-- AIM OF THE EXERCISE --
Count the lines in the entries that contain "included". Say the number and nothing more.

[Dataset entries]
▬▬▬▬▬▬
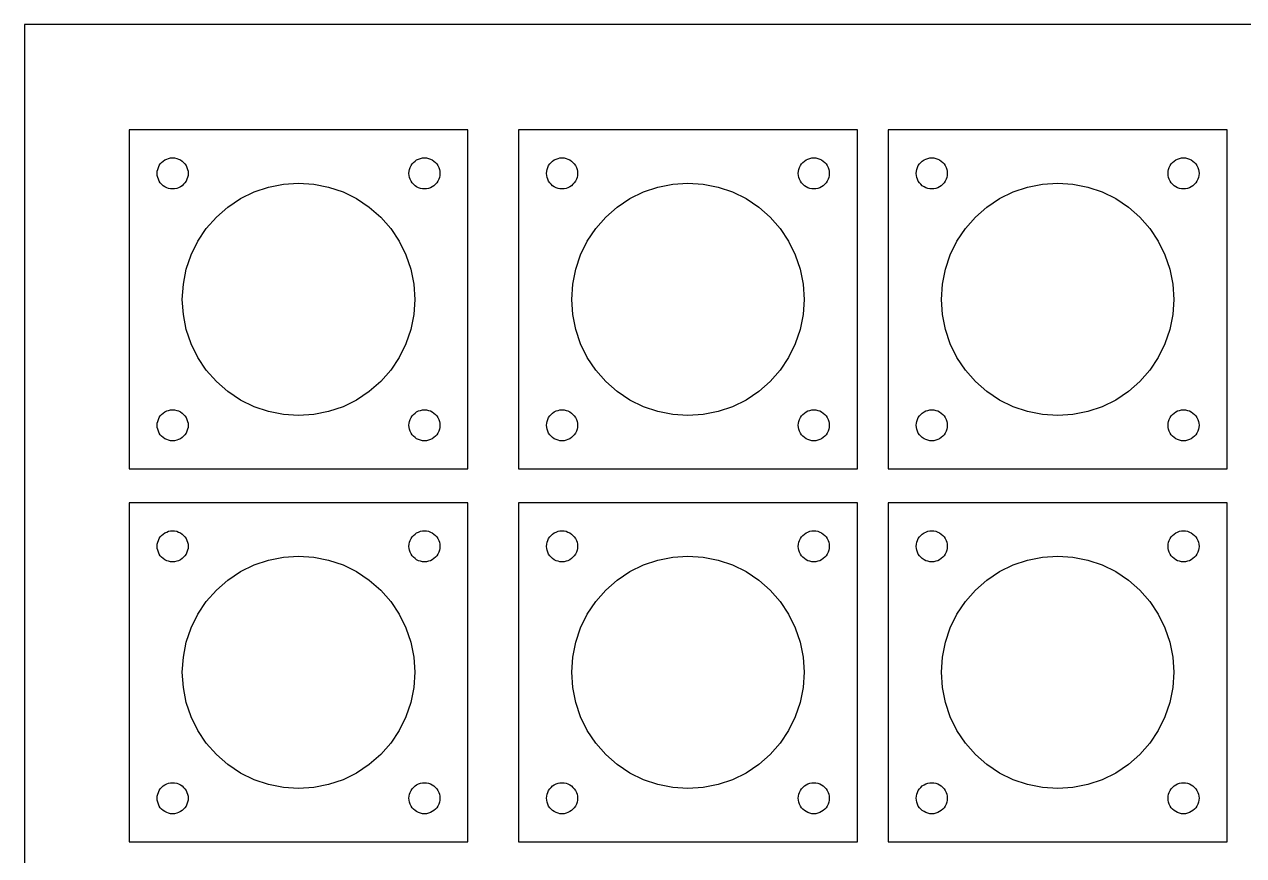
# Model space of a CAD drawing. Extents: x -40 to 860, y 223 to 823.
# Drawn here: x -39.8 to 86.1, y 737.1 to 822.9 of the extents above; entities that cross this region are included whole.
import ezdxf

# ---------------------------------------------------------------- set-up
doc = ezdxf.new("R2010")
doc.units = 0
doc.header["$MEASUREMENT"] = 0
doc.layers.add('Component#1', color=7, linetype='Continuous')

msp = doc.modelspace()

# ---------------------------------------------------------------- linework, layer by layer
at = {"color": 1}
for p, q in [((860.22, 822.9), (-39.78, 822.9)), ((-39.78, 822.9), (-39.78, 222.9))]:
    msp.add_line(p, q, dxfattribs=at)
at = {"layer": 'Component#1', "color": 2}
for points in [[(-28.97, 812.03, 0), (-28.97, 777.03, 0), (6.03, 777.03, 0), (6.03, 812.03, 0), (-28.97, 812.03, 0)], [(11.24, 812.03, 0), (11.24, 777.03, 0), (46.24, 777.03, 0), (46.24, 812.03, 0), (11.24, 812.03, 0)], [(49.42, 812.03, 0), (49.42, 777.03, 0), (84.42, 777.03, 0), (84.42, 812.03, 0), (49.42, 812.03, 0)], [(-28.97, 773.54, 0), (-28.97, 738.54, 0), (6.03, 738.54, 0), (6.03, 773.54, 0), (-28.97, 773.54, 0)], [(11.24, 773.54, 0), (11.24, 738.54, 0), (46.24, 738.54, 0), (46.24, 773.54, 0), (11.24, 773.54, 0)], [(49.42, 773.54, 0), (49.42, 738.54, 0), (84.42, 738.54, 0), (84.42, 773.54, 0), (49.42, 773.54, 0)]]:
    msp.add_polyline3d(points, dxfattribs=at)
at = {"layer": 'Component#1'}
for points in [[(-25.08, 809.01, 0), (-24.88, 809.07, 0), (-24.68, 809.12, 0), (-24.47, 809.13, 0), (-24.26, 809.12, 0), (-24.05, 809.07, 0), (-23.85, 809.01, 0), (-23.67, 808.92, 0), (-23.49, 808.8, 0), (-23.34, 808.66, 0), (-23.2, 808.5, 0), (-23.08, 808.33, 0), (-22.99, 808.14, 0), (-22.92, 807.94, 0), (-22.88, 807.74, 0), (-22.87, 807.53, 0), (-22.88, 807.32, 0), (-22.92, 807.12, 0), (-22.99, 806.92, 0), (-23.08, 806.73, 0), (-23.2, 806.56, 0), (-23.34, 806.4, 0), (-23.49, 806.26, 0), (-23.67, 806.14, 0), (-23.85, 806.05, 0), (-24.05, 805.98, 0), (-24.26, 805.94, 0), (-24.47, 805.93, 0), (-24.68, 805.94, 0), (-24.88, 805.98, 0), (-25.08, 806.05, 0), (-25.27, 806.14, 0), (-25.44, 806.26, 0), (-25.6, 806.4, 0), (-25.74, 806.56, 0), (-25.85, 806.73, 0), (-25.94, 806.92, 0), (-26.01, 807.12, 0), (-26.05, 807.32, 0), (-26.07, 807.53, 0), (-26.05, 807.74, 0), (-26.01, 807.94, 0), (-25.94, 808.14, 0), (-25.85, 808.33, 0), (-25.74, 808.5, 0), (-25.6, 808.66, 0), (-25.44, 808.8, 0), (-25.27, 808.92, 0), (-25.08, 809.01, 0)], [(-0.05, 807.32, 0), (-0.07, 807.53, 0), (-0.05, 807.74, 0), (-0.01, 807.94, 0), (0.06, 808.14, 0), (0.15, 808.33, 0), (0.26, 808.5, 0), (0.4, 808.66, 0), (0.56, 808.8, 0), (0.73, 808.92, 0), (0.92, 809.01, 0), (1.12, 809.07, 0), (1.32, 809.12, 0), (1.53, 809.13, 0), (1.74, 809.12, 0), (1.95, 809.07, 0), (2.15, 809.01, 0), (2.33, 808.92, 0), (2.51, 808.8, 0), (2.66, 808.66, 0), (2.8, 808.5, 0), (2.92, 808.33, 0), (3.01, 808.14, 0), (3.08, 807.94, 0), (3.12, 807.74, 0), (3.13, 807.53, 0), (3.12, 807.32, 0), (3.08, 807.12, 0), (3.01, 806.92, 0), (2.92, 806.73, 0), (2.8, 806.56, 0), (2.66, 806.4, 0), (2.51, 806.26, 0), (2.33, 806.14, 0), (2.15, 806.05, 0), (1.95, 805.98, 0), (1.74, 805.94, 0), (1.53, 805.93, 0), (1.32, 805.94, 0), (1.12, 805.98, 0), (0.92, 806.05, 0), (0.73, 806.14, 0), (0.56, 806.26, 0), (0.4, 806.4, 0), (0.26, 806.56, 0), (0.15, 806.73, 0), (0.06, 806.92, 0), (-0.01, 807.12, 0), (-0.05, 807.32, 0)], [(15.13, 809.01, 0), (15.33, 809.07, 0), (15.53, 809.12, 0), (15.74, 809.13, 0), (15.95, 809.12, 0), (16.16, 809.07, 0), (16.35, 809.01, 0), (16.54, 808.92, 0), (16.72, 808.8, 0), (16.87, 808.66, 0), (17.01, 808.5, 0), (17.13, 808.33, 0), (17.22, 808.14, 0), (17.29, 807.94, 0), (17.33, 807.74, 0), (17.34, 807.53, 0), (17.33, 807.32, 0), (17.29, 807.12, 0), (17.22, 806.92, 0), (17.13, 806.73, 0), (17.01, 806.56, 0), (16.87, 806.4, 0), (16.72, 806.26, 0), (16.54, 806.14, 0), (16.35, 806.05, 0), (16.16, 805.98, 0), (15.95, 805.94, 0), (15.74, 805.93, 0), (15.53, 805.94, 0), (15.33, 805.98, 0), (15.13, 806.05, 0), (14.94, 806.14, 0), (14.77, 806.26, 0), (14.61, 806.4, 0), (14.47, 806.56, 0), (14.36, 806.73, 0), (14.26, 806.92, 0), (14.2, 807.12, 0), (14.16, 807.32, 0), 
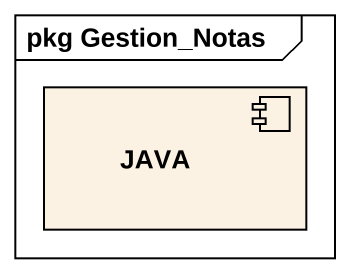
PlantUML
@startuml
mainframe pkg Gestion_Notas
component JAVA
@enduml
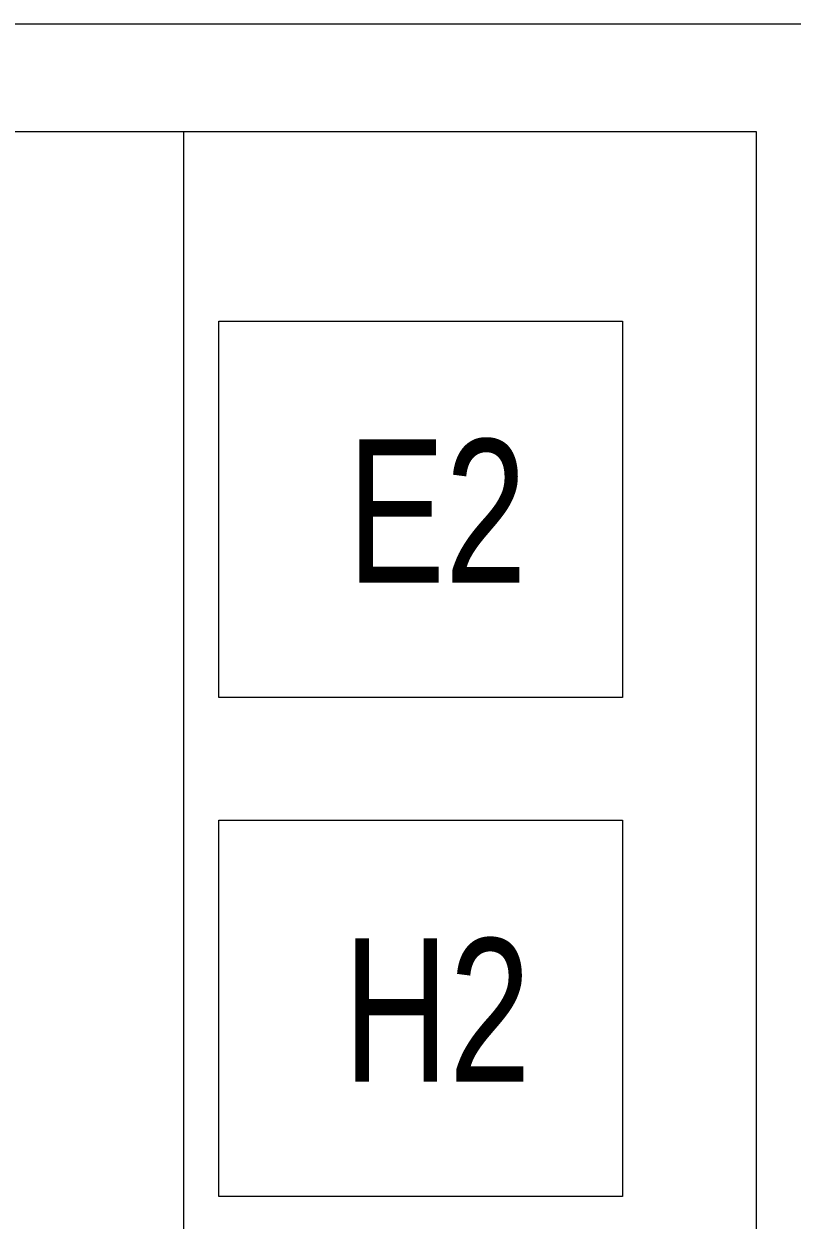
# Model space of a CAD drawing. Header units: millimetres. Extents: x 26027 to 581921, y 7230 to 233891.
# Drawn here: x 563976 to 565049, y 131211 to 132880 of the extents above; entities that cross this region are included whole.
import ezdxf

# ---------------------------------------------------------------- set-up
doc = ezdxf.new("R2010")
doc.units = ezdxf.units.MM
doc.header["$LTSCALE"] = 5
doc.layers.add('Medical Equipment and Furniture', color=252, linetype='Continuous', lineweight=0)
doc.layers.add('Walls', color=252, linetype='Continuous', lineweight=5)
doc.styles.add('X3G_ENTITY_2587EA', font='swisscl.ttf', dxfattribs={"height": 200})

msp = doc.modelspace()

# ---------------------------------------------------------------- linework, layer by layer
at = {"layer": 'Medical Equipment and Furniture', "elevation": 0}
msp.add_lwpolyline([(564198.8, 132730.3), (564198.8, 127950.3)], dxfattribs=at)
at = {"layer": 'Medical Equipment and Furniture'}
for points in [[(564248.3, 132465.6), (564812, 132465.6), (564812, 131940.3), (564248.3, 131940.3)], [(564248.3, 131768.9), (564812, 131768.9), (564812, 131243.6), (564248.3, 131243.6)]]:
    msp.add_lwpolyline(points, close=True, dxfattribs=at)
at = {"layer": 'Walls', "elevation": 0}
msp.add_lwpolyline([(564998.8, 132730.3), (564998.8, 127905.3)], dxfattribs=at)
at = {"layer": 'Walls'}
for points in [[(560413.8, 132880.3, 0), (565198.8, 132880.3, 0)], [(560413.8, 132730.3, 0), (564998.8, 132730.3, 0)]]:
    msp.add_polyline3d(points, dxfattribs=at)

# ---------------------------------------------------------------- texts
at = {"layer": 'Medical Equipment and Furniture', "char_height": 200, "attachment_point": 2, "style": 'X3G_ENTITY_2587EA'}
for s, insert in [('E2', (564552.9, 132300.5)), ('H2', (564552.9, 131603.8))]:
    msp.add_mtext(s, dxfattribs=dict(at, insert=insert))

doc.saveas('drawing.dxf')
▬▬▬▬▬▬
-- REPLY --
2